--- What to do ---
From the line below that contains "#76=CARTESIAN_POINT('',(8.89,9.525,-4.7625));" to the line that contains "#94=VERTEX_POINT('',#93);", repeat every line exactly, both ends included, and nothing else.

--- Supplied data ---
----------------

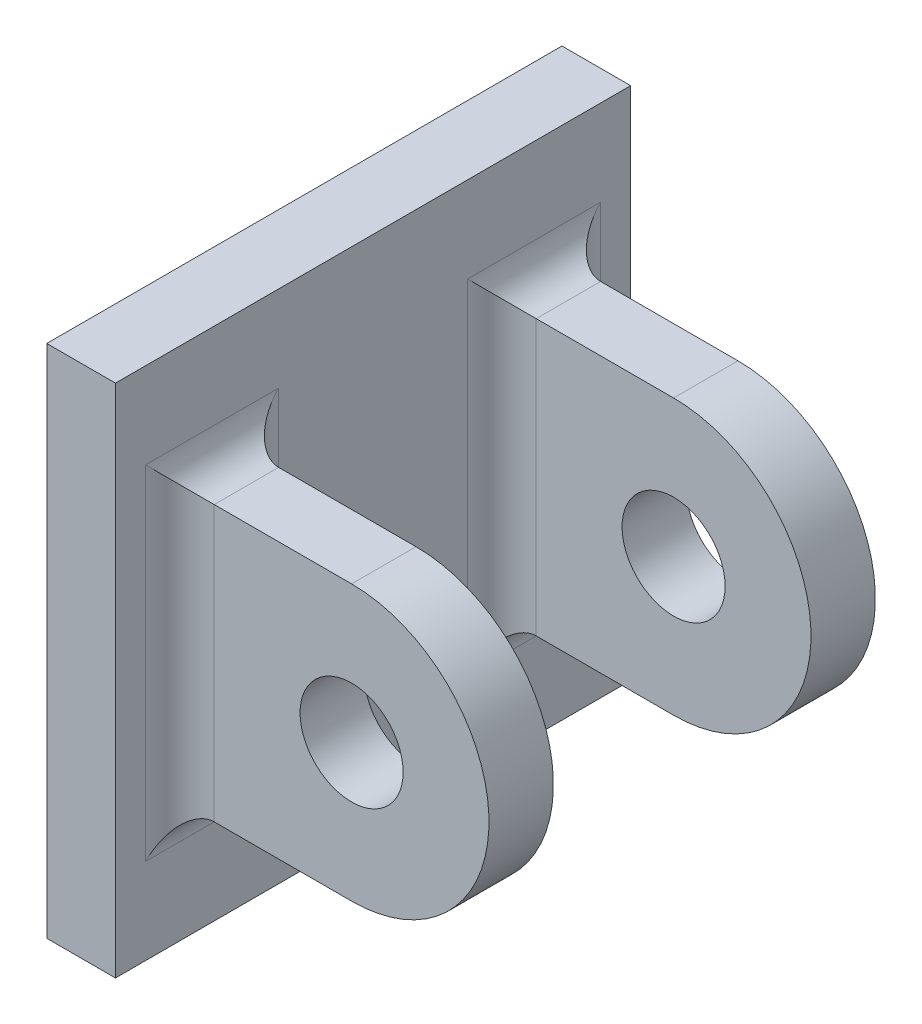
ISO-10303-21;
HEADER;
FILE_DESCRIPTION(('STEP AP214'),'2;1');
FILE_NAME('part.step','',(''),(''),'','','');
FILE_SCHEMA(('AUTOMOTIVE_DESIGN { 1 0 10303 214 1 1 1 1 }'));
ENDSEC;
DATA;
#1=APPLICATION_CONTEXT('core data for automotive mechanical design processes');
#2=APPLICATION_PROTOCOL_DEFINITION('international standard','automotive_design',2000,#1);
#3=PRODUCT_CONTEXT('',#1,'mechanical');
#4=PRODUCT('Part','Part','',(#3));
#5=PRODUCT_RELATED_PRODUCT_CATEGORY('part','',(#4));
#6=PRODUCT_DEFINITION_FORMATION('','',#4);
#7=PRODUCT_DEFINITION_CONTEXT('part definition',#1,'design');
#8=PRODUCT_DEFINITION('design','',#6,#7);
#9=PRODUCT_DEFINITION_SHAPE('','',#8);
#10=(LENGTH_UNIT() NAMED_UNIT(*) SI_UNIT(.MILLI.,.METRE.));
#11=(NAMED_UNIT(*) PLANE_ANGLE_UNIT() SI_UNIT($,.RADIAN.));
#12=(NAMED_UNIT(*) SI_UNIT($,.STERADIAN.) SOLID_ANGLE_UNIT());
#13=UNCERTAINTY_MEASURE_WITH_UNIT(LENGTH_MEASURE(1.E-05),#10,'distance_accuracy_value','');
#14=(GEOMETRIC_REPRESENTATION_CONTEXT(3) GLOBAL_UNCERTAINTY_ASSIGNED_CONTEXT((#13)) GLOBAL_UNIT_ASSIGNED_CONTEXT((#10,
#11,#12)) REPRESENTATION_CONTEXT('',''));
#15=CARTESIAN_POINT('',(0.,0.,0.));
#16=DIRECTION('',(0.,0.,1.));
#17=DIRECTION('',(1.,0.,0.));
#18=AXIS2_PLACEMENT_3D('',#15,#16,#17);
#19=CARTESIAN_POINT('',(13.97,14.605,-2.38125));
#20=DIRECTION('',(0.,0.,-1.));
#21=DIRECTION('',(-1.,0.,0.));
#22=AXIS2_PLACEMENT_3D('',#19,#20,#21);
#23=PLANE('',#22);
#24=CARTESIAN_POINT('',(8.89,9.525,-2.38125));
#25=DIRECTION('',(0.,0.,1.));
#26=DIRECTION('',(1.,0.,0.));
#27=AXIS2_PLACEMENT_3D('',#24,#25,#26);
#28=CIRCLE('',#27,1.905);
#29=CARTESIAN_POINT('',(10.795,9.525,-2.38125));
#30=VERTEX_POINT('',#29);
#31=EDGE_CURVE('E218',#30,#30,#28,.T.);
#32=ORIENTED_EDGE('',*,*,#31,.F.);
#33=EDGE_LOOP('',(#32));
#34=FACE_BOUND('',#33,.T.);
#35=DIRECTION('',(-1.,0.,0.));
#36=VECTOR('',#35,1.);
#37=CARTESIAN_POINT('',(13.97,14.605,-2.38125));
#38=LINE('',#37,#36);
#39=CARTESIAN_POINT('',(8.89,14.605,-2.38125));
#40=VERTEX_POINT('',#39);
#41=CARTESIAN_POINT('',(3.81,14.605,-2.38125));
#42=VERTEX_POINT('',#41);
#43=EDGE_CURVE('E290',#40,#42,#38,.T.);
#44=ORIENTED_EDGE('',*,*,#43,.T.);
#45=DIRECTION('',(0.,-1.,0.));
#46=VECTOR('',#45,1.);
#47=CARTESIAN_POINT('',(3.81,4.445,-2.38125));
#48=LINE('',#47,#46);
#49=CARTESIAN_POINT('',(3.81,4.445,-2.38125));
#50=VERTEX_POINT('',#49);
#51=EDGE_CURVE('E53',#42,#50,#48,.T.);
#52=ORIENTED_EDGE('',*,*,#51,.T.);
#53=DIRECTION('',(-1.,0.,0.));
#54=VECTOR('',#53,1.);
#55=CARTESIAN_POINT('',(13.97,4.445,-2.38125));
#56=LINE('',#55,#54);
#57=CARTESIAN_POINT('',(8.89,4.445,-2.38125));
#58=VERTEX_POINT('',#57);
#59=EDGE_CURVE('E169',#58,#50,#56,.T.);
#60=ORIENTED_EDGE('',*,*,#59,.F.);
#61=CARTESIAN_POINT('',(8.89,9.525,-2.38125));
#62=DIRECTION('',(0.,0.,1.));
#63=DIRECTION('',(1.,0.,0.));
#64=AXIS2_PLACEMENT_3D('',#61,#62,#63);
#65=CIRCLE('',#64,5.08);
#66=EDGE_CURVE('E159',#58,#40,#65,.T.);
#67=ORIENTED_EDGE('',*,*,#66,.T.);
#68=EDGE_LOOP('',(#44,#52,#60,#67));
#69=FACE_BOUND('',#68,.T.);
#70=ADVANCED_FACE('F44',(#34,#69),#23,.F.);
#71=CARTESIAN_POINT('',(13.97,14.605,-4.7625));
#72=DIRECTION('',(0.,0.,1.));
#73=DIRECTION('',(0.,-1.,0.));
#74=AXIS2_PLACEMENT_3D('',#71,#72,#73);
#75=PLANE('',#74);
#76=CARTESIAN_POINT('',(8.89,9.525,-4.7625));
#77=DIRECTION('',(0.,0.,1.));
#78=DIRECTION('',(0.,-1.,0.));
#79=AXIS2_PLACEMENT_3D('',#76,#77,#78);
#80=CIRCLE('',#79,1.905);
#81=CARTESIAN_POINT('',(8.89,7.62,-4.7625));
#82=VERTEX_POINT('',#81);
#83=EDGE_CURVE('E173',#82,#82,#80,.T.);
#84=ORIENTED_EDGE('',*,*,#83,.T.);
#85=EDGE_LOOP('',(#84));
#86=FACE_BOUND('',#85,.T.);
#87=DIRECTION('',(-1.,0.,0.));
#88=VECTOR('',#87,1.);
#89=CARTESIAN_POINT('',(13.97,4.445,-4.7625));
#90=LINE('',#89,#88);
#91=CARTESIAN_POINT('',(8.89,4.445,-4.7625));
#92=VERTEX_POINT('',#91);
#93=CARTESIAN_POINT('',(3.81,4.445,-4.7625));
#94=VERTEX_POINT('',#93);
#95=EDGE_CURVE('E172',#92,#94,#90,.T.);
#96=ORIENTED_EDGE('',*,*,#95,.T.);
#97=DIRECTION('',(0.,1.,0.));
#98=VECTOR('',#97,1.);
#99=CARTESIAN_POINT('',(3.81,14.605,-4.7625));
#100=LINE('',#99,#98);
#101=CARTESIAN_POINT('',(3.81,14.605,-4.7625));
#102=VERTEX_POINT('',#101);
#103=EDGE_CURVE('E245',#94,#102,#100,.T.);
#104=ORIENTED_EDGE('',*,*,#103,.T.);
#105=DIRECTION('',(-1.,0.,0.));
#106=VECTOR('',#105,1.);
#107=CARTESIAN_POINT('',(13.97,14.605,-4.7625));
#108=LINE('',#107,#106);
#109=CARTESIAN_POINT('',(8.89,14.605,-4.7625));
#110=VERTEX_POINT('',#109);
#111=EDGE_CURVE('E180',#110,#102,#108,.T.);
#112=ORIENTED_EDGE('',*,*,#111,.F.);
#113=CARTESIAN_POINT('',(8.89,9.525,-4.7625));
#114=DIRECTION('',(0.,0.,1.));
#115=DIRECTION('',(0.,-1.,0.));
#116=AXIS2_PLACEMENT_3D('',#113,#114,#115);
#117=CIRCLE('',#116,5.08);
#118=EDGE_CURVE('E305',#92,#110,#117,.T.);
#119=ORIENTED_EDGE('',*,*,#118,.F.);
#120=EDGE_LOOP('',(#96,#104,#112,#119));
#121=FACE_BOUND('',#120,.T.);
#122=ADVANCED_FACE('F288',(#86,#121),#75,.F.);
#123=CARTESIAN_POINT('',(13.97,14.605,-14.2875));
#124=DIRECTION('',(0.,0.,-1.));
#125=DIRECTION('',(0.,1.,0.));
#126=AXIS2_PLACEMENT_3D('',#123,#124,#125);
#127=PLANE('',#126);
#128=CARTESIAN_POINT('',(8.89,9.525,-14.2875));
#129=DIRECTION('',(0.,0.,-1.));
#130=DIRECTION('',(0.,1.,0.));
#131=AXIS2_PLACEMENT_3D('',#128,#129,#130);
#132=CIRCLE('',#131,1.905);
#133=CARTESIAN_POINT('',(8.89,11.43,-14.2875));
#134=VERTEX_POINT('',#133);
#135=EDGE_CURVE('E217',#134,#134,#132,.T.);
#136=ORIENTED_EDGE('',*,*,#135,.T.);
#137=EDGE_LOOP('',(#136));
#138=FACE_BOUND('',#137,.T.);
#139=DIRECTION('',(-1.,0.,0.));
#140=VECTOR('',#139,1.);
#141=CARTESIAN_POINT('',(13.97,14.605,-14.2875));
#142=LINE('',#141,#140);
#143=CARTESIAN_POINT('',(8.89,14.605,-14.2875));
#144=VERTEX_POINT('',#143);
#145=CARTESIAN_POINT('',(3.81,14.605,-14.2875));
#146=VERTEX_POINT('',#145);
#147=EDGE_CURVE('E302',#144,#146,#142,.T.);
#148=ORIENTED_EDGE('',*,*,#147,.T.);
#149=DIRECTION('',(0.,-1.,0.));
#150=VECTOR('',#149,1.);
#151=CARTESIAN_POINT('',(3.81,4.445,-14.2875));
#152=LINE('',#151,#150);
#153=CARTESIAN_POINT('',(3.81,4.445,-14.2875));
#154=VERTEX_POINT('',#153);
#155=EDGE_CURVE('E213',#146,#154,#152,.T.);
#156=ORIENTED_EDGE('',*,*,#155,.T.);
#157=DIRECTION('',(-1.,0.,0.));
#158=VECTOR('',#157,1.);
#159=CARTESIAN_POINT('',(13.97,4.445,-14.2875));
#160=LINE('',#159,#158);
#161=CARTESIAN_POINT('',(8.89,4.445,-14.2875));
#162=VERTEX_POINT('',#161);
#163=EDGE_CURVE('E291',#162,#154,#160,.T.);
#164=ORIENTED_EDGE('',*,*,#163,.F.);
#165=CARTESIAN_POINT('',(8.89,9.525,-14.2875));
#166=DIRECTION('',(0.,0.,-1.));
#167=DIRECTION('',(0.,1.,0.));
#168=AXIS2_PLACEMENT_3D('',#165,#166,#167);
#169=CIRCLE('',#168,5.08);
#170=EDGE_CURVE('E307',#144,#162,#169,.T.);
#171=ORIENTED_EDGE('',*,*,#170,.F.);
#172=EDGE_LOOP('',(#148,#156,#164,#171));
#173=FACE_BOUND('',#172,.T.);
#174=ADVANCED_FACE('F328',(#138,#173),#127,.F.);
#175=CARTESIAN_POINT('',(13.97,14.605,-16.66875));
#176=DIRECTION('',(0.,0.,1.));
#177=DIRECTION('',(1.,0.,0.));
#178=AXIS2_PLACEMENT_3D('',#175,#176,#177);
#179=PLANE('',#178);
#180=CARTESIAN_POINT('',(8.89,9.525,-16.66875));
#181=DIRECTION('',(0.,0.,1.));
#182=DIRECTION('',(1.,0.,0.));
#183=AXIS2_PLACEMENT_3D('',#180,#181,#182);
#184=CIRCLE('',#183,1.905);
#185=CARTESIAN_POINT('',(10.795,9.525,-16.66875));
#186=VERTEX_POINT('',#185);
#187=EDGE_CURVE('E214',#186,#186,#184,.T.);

----------------

--- Solution ---
#76=CARTESIAN_POINT('',(8.89,9.525,-4.7625));
#77=DIRECTION('',(0.,0.,1.));
#78=DIRECTION('',(0.,-1.,0.));
#79=AXIS2_PLACEMENT_3D('',#76,#77,#78);
#80=CIRCLE('',#79,1.905);
#81=CARTESIAN_POINT('',(8.89,7.62,-4.7625));
#82=VERTEX_POINT('',#81);
#83=EDGE_CURVE('E173',#82,#82,#80,.T.);
#84=ORIENTED_EDGE('',*,*,#83,.T.);
#85=EDGE_LOOP('',(#84));
#86=FACE_BOUND('',#85,.T.);
#87=DIRECTION('',(-1.,0.,0.));
#88=VECTOR('',#87,1.);
#89=CARTESIAN_POINT('',(13.97,4.445,-4.7625));
#90=LINE('',#89,#88);
#91=CARTESIAN_POINT('',(8.89,4.445,-4.7625));
#92=VERTEX_POINT('',#91);
#93=CARTESIAN_POINT('',(3.81,4.445,-4.7625));
#94=VERTEX_POINT('',#93);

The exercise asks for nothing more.